Letters

John Lawrance Green and Gertrude Pearce Landsborough, passengers on SS Oronsay 1

September 24, 2010

Dear Mac 

I hope you just may be able to help me. In researching the SS Oronsay 1 (the ship that was lost during the war) I came across an interesting exchange of emails between yourself and some one who was trying to locate their father who had travelled on the boat in 1930. It was interesting for me to see the map and I will now explain why and how you may be able to help me.

I lost my parents when I was young and although I knew they had originally met on a boat in the late thirties when they were both part of a teacher exchange programme to Australia and NZ (mother WA father NZ) I knew little of their trips, how they came to know each other etc until recently I made 2 separate discoveries. While clearing stuff from the loft I came across the letters my father wrote to his parents about his voyage to NZ in the Oronsay and his year in NZ and the journey home.
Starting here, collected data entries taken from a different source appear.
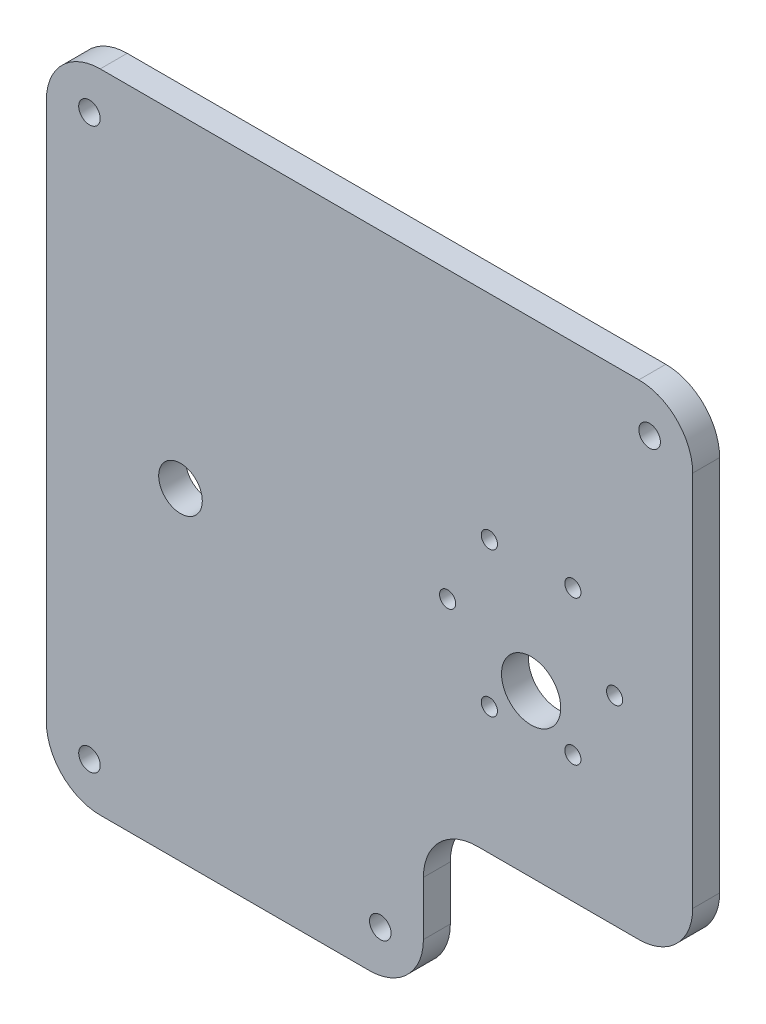
ISO-10303-21;
HEADER;
FILE_DESCRIPTION(('STEP AP214'),'2;1');
FILE_NAME('part.step','',(''),(''),'','','');
FILE_SCHEMA(('AUTOMOTIVE_DESIGN { 1 0 10303 214 1 1 1 1 }'));
ENDSEC;
DATA;
#1=APPLICATION_CONTEXT('core data for automotive mechanical design processes');
#2=APPLICATION_PROTOCOL_DEFINITION('international standard','automotive_design',2000,#1);
#3=PRODUCT_CONTEXT('',#1,'mechanical');
#4=PRODUCT('Part','Part','',(#3));
#5=PRODUCT_RELATED_PRODUCT_CATEGORY('part','',(#4));
#6=PRODUCT_DEFINITION_FORMATION('','',#4);
#7=PRODUCT_DEFINITION_CONTEXT('part definition',#1,'design');
#8=PRODUCT_DEFINITION('design','',#6,#7);
#9=PRODUCT_DEFINITION_SHAPE('','',#8);
#10=(LENGTH_UNIT() NAMED_UNIT(*) SI_UNIT(.MILLI.,.METRE.));
#11=(NAMED_UNIT(*) PLANE_ANGLE_UNIT() SI_UNIT($,.RADIAN.));
#12=(NAMED_UNIT(*) SI_UNIT($,.STERADIAN.) SOLID_ANGLE_UNIT());
#13=UNCERTAINTY_MEASURE_WITH_UNIT(LENGTH_MEASURE(1.E-05),#10,'distance_accuracy_value','');
#14=(GEOMETRIC_REPRESENTATION_CONTEXT(3) GLOBAL_UNCERTAINTY_ASSIGNED_CONTEXT((#13)) GLOBAL_UNIT_ASSIGNED_CONTEXT((#10,
#11,#12)) REPRESENTATION_CONTEXT('',''));
#15=CARTESIAN_POINT('',(0.,0.,0.));
#16=DIRECTION('',(0.,0.,1.));
#17=DIRECTION('',(1.,0.,0.));
#18=AXIS2_PLACEMENT_3D('',#15,#16,#17);
#19=CARTESIAN_POINT('',(60.,10.,5.));
#20=DIRECTION('',(0.,0.,-1.));
#21=DIRECTION('',(-1.,0.,0.));
#22=AXIS2_PLACEMENT_3D('',#19,#20,#21);
#23=CYLINDRICAL_SURFACE('',#22,10.);
#24=CARTESIAN_POINT('',(60.,10.,0.));
#25=DIRECTION('',(0.,0.,1.));
#26=DIRECTION('',(-1.,0.,0.));
#27=AXIS2_PLACEMENT_3D('',#24,#25,#26);
#28=CIRCLE('',#27,10.);
#29=CARTESIAN_POINT('',(59.9999999999999,0.,0.));
#30=VERTEX_POINT('',#29);
#31=CARTESIAN_POINT('',(70.,10.0000000000001,0.));
#32=VERTEX_POINT('',#31);
#33=EDGE_CURVE('E156',#30,#32,#28,.T.);
#34=ORIENTED_EDGE('',*,*,#33,.T.);
#35=DIRECTION('',(0.,0.,-1.));
#36=VECTOR('',#35,1.);
#37=CARTESIAN_POINT('',(70.,10.0000000000001,5.));
#38=LINE('',#37,#36);
#39=CARTESIAN_POINT('',(70.,10.0000000000001,5.));
#40=VERTEX_POINT('',#39);
#41=EDGE_CURVE('E11',#40,#32,#38,.T.);
#42=ORIENTED_EDGE('',*,*,#41,.F.);
#43=CARTESIAN_POINT('',(60.,10.,5.));
#44=DIRECTION('',(0.,0.,1.));
#45=DIRECTION('',(-1.,0.,0.));
#46=AXIS2_PLACEMENT_3D('',#43,#44,#45);
#47=CIRCLE('',#46,10.);
#48=CARTESIAN_POINT('',(59.9999999999999,0.,5.));
#49=VERTEX_POINT('',#48);
#50=EDGE_CURVE('E179',#49,#40,#47,.T.);
#51=ORIENTED_EDGE('',*,*,#50,.F.);
#52=DIRECTION('',(0.,0.,-1.));
#53=VECTOR('',#52,1.);
#54=CARTESIAN_POINT('',(59.9999999999999,0.,5.));
#55=LINE('',#54,#53);
#56=EDGE_CURVE('E152',#49,#30,#55,.T.);
#57=ORIENTED_EDGE('',*,*,#56,.T.);
#58=EDGE_LOOP('',(#34,#42,#51,#57));
#59=FACE_BOUND('',#58,.T.);
#60=ADVANCED_FACE('F34',(#59),#23,.T.);
#61=CARTESIAN_POINT('',(70.,19.9999999999999,5.));
#62=DIRECTION('',(-1.,0.,0.));
#63=DIRECTION('',(0.,0.,1.));
#64=AXIS2_PLACEMENT_3D('',#61,#62,#63);
#65=PLANE('',#64);
#66=DIRECTION('',(0.,1.,0.));
#67=VECTOR('',#66,1.);
#68=CARTESIAN_POINT('',(70.,19.9999999999999,0.));
#69=LINE('',#68,#67);
#70=CARTESIAN_POINT('',(70.,19.9999999999999,0.));
#71=VERTEX_POINT('',#70);
#72=EDGE_CURVE('E159',#32,#71,#69,.T.);
#73=ORIENTED_EDGE('',*,*,#72,.T.);
#74=DIRECTION('',(0.,0.,-1.));
#75=VECTOR('',#74,1.);
#76=CARTESIAN_POINT('',(70.,19.9999999999999,5.));
#77=LINE('',#76,#75);
#78=CARTESIAN_POINT('',(70.,19.9999999999999,5.));
#79=VERTEX_POINT('',#78);
#80=EDGE_CURVE('E43',#79,#71,#77,.T.);
#81=ORIENTED_EDGE('',*,*,#80,.F.);
#82=DIRECTION('',(0.,1.,0.));
#83=VECTOR('',#82,1.);
#84=CARTESIAN_POINT('',(70.,19.9999999999999,5.));
#85=LINE('',#84,#83);
#86=EDGE_CURVE('E107',#40,#79,#85,.T.);
#87=ORIENTED_EDGE('',*,*,#86,.F.);
#88=ORIENTED_EDGE('',*,*,#41,.T.);
#89=EDGE_LOOP('',(#73,#81,#87,#88));
#90=FACE_BOUND('',#89,.T.);
#91=ADVANCED_FACE('F290',(#90),#65,.F.);
#92=CARTESIAN_POINT('',(80.,20.,5.));
#93=DIRECTION('',(0.,0.,-1.));
#94=DIRECTION('',(-1.,0.,0.));
#95=AXIS2_PLACEMENT_3D('',#92,#93,#94);
#96=CYLINDRICAL_SURFACE('',#95,10.);
#97=CARTESIAN_POINT('',(80.,20.,0.));
#98=DIRECTION('',(0.,0.,-1.));
#99=DIRECTION('',(1.,0.,0.));
#100=AXIS2_PLACEMENT_3D('',#97,#98,#99);
#101=CIRCLE('',#100,10.);
#102=CARTESIAN_POINT('',(80.0000000000001,30.,0.));
#103=VERTEX_POINT('',#102);
#104=EDGE_CURVE('E162',#71,#103,#101,.T.);
#105=ORIENTED_EDGE('',*,*,#104,.T.);
#106=DIRECTION('',(0.,0.,-1.));
#107=VECTOR('',#106,1.);
#108=CARTESIAN_POINT('',(80.0000000000001,30.,5.));
#109=LINE('',#108,#107);
#110=CARTESIAN_POINT('',(80.0000000000001,30.,5.));
#111=VERTEX_POINT('',#110);
#112=EDGE_CURVE('E198',#111,#103,#109,.T.);
#113=ORIENTED_EDGE('',*,*,#112,.F.);
#114=CARTESIAN_POINT('',(80.,20.,5.));
#115=DIRECTION('',(0.,0.,-1.));
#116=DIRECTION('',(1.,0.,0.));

Then, from my cousin, I was sent an album of old letters, pictures, and momentos which had come through the family and were the letters that my mother had written back to her parents and sister about the same voyage and her year in Western Australia, and by coincidence (or not!) the journey back in the Monterey from Auckland in the months leading up to the war.

Interesting stuff! Now I am retired from teaching myself I have the opportunity to travel with my husband who is a writer and together we want to try and reconstruct their story by following in my parents footpaths, although we are cheating a little my picking up the thread in Sri Lanka thus missing the journey through the Med, Red Sea etc, as we are travelling by plane.

Anyway I wondered if you might be able to help me find a passenger list of the SS Oronsay...the only momento I have is a programme of the ship's variety concert Tuesday 11th Jan 1938. I want to find not only my parents names: John Lawrance Green and Gertrude Pearce Landsborough, but the names of some of the other teachers who are named in the letters. They were all part of some sort of commonwealth exchange programme that clearly took place for the year 1938.

I know your main research is around the war but if you could send me either any info or places where I might get info I'd be very grateful. We are very excited about our research and our first visit to the antipodes.

With Best Wishes,
Jenny Green.


Jenny,

No matter what tricks I have learned over the years in tracking people down on the internet, no matter which path I pursue, I am unable to come up with the Oronsay 1 passenger list for her journey to Australia with your Mother, and your father to NZ in 1938.

I have tried the Orient Line, migration from UK to both Western Australia and NZ, 1938. Immigration records for Western Australia and Auckland, NZ 1938, the history of Oronsay 1, exchange teacher records, but all to no avail.

Just no list is forthcoming, and I am very sorry I am powerless to assist you Jenny.

Here is a lovely file I turned up in my search. Can you imagine the Ugly Men's Association!?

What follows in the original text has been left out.